Gold Prices Slip as Strong Dollar and Rate-Cut Bets Weigh on Markets
Spot gold slid as much as 1.7% as a surging dollar and fading Fed rate-cut hopes overwhelmed safe-haven demand from a six-day U.S.-Iran conflict.

Gold's safe-haven narrative ran headlong into a wall of macroeconomic reality in early March, as a surging U.S. dollar and retreating expectations for Federal Reserve rate cuts pushed bullion sharply lower despite an escalating Middle East war. Spot gold dipped 1.1% to $5,118.16 per ounce by 1:31 p.m. ET on March 3, with intraday losses reaching as much as 1.7% during U.S. trading. U.S. gold futures for April delivery settled 1% lower at $5,125.80, though separate reporting placed the futures decline at more than 3%, a discrepancy that likely reflects different contracts or session windows.
The dollar gained for a third consecutive session, rising to an over one-month peak, while Treasury yields climbed for a second straight day. The Bloomberg Dollar Spot Index advanced as investors sought liquidity, a dynamic that makes dollar-denominated gold more expensive for buyers holding other currencies. One market strategist told Reuters that what appeared to be a more than 5% pullback in gold over a broader window looked like a flight to liquidity or cash, though he described it as likely short-lived.
Phillip Streible, chief market strategist at Blue Line Futures, captured the tug-of-war precisely: "The higher dollar index, rising treasury yields and lack of interest-rate cuts are the negative factors, but the conflict in the Middle East has been generating some safe-haven flows."
The conflict in question, between the U.S. and Iran, entered its sixth day with no resolution in sight. Two tankers were ablaze in Iraqi waters in what Reuters described as an apparent escalation in Iranian attacks that have cut off Middle East energy supplies, sending oil prices sharply higher on the day. U.S. stocks fell nearly 2% as investors priced in the possibility of a prolonged conflict. Yet despite the chaos, macro forces were overriding the geopolitical premium typically baked into gold.
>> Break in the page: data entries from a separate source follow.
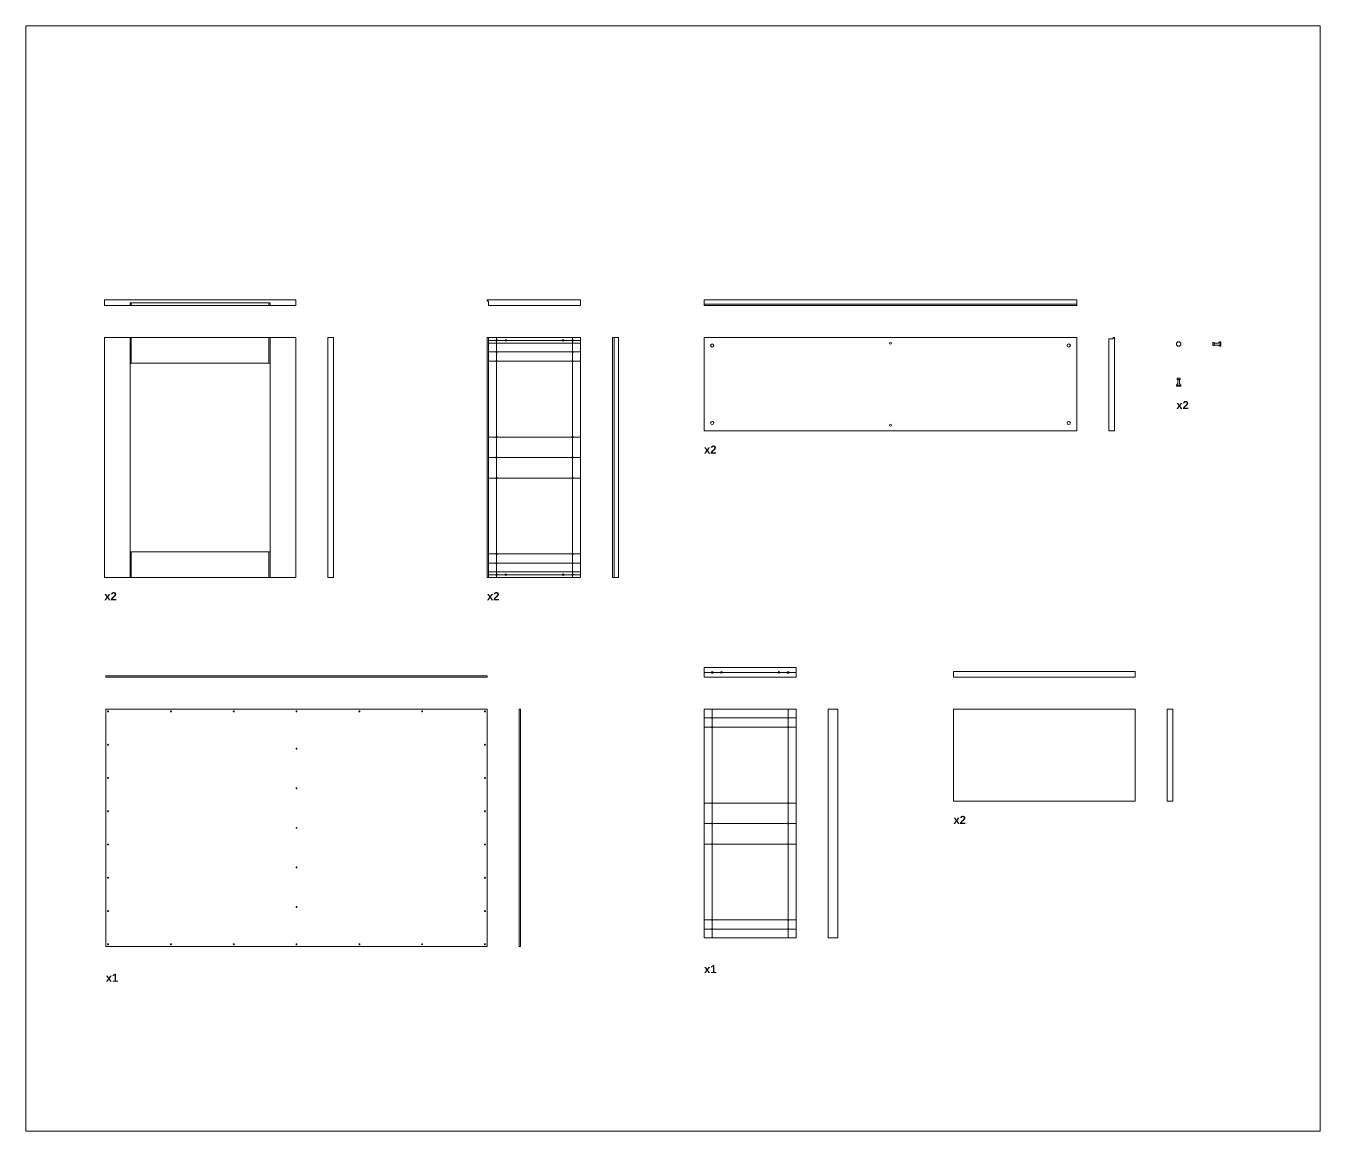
# Model space of a CAD drawing. Header units: centimetres. Extents: x -9.9 to 12.1, y -14.8 to 2.1.
# Drawn here: x 0.468 to 4.511, y -9.321 to -5.869 of the extents above; entities that cross this region are included whole.
import ezdxf

# ---------------------------------------------------------------- set-up
doc = ezdxf.new("R2010")
doc.units = ezdxf.units.CM
doc.header["$MEASUREMENT"] = 0
for name, color, linetype, lineweight in [('A-FURN_Num_Penna__251_Num_Penna__251_Num_Penna__2_Num_Penna__251_Num_Penna__251_Num_Penna__251_Num_Penna__251_Num_Penna__251_Num_Penna__251_Num_Penna__251_Num_Penna__251_Num_Penna__3_Num_Penna__3_Num_Penna__3_Num_Penna__3', 3, 'Continuous', 18), ('A-FURN_Num_Penna__252_Num_Penna__252_Num_Penna__3_Num_Penna__252_Num_Penna__252_Num_Penna__252_Num_Penna__252_Num_Penna__252_Num_Penna__252_Num_Penna__252_Num_Penna__252_Num_Penna__252_Num_Penna__252_Num_Penna__252_Num_Penna__5', 5, 'Continuous', 18), ('A-FURN_Num_Penna__252_Num_Penna__252_Num_Penna__3_Num_Penna__252_Num_Penna__252_Num_Penna__252_Num_Penna__252_Num_Penna__252_Num_Penna__252_Num_Penna__252_Num_Penna__252_Num_Penna__252_Num_Penna__3_Num_Penna__3_Num_Penna__3', 3, 'Continuous', 18), ('A-FURN_Num_Penna__252_Num_Penna__252_Num_Penna__3_Num_Penna__252_Num_Penna__252_Num_Penna__252_Num_Penna__252_Num_Penna__252_Num_Penna__252_Num_Penna__252_Num_Penna__252_Num_Penna__252_Num_Penna__6_Num_Penna__6_Num_Penna__6', 6, 'Continuous', 18), ('A-FURN_Num_Penna__252_Num_Penna__252_Num_Penna__3_Num_Penna__252_Num_Penna__252_Num_Penna__252_Num_Penna__252_Num_Penna__252_Num_Penna__252_Num_Penna__252_Num_Penna__6_Num_Penna__6_Num_Penna__6_Num_Penna__6_Num_Penna__6', 6, 'Continuous', 18), ('A-FURN_Num_Penna__252_Num_Penna__252_Num_Penna__3_Num_Penna__252_Num_Penna__252_Num_Penna__252_Num_Penna__252_Num_Penna__252_Num_Penna__252_Num_Penna__5_Num_Penna__5_Num_Penna__5_Num_Penna__5_Num_Penna__5_Num_Penna__5', 5, 'Continuous', 18), ('A-SECT-PATT_Num_Penna__6_Num_Penna__6_Num_Penna__6_Num_Penna__6_Num_Penna__6_Num_Penna__6_Num_Penna__6_Num_Penna__6_Num_Penna__6_Num_Penna__5_Num_Penna__5_Num_Penna__5_Num_Penna__5_Num_Penna__5', 5, 'Continuous', 18), ('A-SECT-PATT_Num_Penna__6_Num_Penna__6_Num_Penna__6_Num_Penna__6_Num_Penna__6_Num_Penna__6_Num_Penna__6_Num_Penna__6_Num_Penna__6_Num_Penna__6_Num_Penna__6_Num_Penna__3_Num_Penna__3_Num_Penna__3', 3, 'Continuous', 18), ('A-SECT-PATT_Num_Penna__6_Num_Penna__6_Num_Penna__6_Num_Penna__6_Num_Penna__6_Num_Penna__6_Num_Penna__6_Num_Penna__6_Num_Penna__6_Num_Penna__6_Num_Penna__6_Num_Penna__6_Num_Penna__6_Num_Penna__6', 6, 'Continuous', 18), ('PDF10_Solid Fills_Num_Penna__5_Num_Penna__5_Num_Penna__5_Num_Penna__5_Num_Penna__5_Num_Penna__5_Num_Penna__5_Num_Penna__5', 5, 'Continuous', 18), ('PDF16_Geometry_Num_Penna__5_Num_Penna__5_Num_Penna__5_Num_Penna__5_Num_Penna__5_Num_Penna__5_Num_Penna__5_Num_Penna__5_Num_Penna__5_Num_Penna__5_Num_Penna__5_Num_Penna__5_Num_Penna__5_Num_Penna__5', 5, 'Continuous', 18), ('PDF16_Geometry_Num_Penna__6_Num_Penna__6_Num_Penna__6_Num_Penna__3_Num_Penna__3_Num_Penna__3_Num_Penna__3_Num_Penna__3_Num_Penna__9_Num_Penna__9_Num_Penna__9_Num_Penna__6_Num_Penna__6_Num_Penna__6', 6, 'Continuous', 18), ('PDF16_Geometry_Num_Penna__6_Num_Penna__6_Num_Penna__6_Num_Penna__3_Num_Penna__3_Num_Penna__3_Num_Penna__3_Num_Penna__3_Num_Penna__9_Num_Penna__9_Num_Penna__9_Num_Penna__9_Num_Penna__9_Num_Penna__9', 9, 'Continuous', 18), ('PDF16_Geometry_Num_Penna__6_Num_Penna__6_Num_Penna__6_Num_Penna__6_Num_Penna__6_Num_Penna__6_Num_Penna__6_Num_Penna__6_Num_Penna__6_Num_Penna__6_Num_Penna__6_Num_Penna__6_Num_Penna__6_Num_Penna__6', 6, 'Continuous', 18), ('PDF22_Geometry_Num_Penna__1_Num_Penna__255_Num_Penna__3_Num_Penna__3_Num_Penna__3', 3, 'Continuous', 18), ('PDF22_Geometry_Num_Penna__1_Num_Penna__255_Num_Penna__5_Num_Penna__5_Num_Penna__5', 5, 'Continuous', 18), ('PDF22_Geometry_Num_Penna__1_Num_Penna__255_Num_Penna__6_Num_Penna__6_Num_Penna__6', 6, 'Continuous', 18), ('PDF22_Geometry_Num_Penna__7_Num_Penna__7_Num_Penna__6_Num_Penna__6_Num_Penna__6', 6, 'Continuous', 18), ('PDF_Geometry_Num_Penna__7_Num_Penna__7_Num_Penna__3_Num_Penna__3_Num_Penna__3_Num_Penna__3_Num_Penna__3_Num_Penna__3_Num_Penna__6_Num_Penna__6_Num_Penna__6_Num_Penna__6_Num_Penna__6_Num_Penna__6', 6, 'Continuous', 18), ('PDF_Geometry_Num_Penna__7_Num_Penna__7_Num_Penna__3_Num_Penna__6_Num_Penna__6_Num_Penna__6_Num_Penna__6_Num_Penna__6_Num_Penna__6_Num_Penna__6_Num_Penna__6_Num_Penna__6_Num_Penna__6_Num_Penna__6', 6, 'Continuous', 18)]:
    doc.layers.add(name, color=color, linetype=linetype, lineweight=lineweight)
doc.styles.add('GENERATED_STYLE_2', font='Arial Bold.ttf')

msp = doc.modelspace()

# ---------------------------------------------------------------- linework, layer by layer
at = {"layer": 'A-FURN_Num_Penna__251_Num_Penna__251_Num_Penna__2_Num_Penna__251_Num_Penna__251_Num_Penna__251_Num_Penna__251_Num_Penna__251_Num_Penna__251_Num_Penna__251_Num_Penna__251_Num_Penna__3_Num_Penna__3_Num_Penna__3_Num_Penna__3', "color": 3, "linetype": 'Continuous', "lineweight": 18}
for p, q in [((0.793, -6.7419), (0.797, -6.7419)), ((1.227, -6.7419), (1.231, -6.7419))]:
    msp.add_line(p, q, dxfattribs=at)
at = {"layer": 'A-FURN_Num_Penna__252_Num_Penna__252_Num_Penna__3_Num_Penna__252_Num_Penna__252_Num_Penna__252_Num_Penna__252_Num_Penna__252_Num_Penna__252_Num_Penna__252_Num_Penna__252_Num_Penna__252_Num_Penna__252_Num_Penna__252_Num_Penna__5', "color": 5, "linetype": 'Continuous', "lineweight": 18}
for centre, radius in [((1.967, -6.8509), 0.0025), ((2.1465, -6.8509), 0.0025), ((3.1685, -6.8599), 0.003), ((3.1685, -7.1159), 0.003), ((1.967, -7.5829), 0.0025), ((2.1465, -7.5829), 0.0025), ((2.6115, -7.8881), 0.003), ((2.6405, -7.8881), 0.0025), ((2.82, -7.8881), 0.0025), ((2.849, -7.8881), 0.003)]:
    msp.add_circle(centre, radius, dxfattribs=at)
at = {"layer": 'A-FURN_Num_Penna__252_Num_Penna__252_Num_Penna__3_Num_Penna__252_Num_Penna__252_Num_Penna__252_Num_Penna__252_Num_Penna__252_Num_Penna__252_Num_Penna__252_Num_Penna__252_Num_Penna__252_Num_Penna__3_Num_Penna__3_Num_Penna__3', "color": 3, "linetype": 'Continuous', "lineweight": 18}
for p, q in [((0.4676, -5.8686), (4.5106, -5.8686)), ((0.4676, -9.3209), (0.4676, -5.8686)), ((4.5106, -5.8686), (4.5106, -9.3209)), ((4.5106, -9.3209), (0.4676, -9.3209))]:
    msp.add_line(p, q, dxfattribs=at)
at = {"layer": 'A-FURN_Num_Penna__252_Num_Penna__252_Num_Penna__3_Num_Penna__252_Num_Penna__252_Num_Penna__252_Num_Penna__252_Num_Penna__252_Num_Penna__252_Num_Penna__252_Num_Penna__252_Num_Penna__252_Num_Penna__6_Num_Penna__6_Num_Penna__6', "color": 6, "linetype": 'Continuous', "lineweight": 18}
for p, q in [((2.5865, -7.9031), (2.5865, -7.8731)), ((2.5865, -7.8731), (2.874, -7.8731)), ((2.874, -7.8731), (2.874, -7.9031)), ((2.874, -7.9031), (2.5865, -7.9031)), ((2.5865, -8.0031), (2.874, -8.0031)), ((2.5865, -8.7171), (2.5865, -8.0031)), ((2.874, -8.0031), (2.874, -8.7171)), ((4.0327, -8.0031), (4.0507, -8.0031)), ((4.0327, -8.2906), (4.0507, -8.2906)), ((2.874, -8.7171), (2.5865, -8.7171))]:
    msp.add_line(p, q, dxfattribs=at)
at = {"layer": 'A-FURN_Num_Penna__252_Num_Penna__252_Num_Penna__3_Num_Penna__252_Num_Penna__252_Num_Penna__252_Num_Penna__252_Num_Penna__252_Num_Penna__252_Num_Penna__252_Num_Penna__6_Num_Penna__6_Num_Penna__6_Num_Penna__6_Num_Penna__6', "color": 6, "linetype": 'Continuous', "lineweight": 18}
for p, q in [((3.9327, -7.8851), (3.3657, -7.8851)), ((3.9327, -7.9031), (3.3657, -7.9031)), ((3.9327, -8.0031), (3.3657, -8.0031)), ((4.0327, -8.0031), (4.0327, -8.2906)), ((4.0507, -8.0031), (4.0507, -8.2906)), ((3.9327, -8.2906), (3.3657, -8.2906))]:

TD Securities, in a note cited by Phoenixrefining, argued the metal's longer-term case remains intact: "Gold is set to benefit from geopolitical instability, less risk appetite and inflation concerns amid skyrocketing energy costs." The bank added that speculators who had trimmed long positions may view current developments as an opportunity to re-enter the market. Near term, though, the path for bullion "will likely hinge less on battlefield developments and more on incoming inflation data and signals from the Federal Reserve."

Not all precious metals fell in equal measure. Spot silver eased 1% to $84.90, a relatively modest retreat for a metal that gained more than 146% last year. Analysts at BMI projected silver will average $93 per ounce in 2026, with strong investment demand absorbing price-induced softness in solar panel and jewelry fabrication. Spot platinum lost 1.1% to $2,145.75, while palladium fell 1% to $1,620.86.
One notable counterweight to the day's selling came from institutional buying. Chile's central bank made its first major gold purchase since at least 2000, boosting reserves to $1.108 billion in February from just $42 million in January, a move that brought gold to 2.2% of the country's total reserves. Central bank accumulation of that scale, even from a single institution, signals the kind of structural long-term confidence in gold that daily dollar swings tend to obscure.
As long as the dollar holds its footing and the Fed shows no urgency toward rate cuts, gold faces a difficult near-term setup, even with a war driving energy prices higher and safe-haven instincts pulling in the other direction.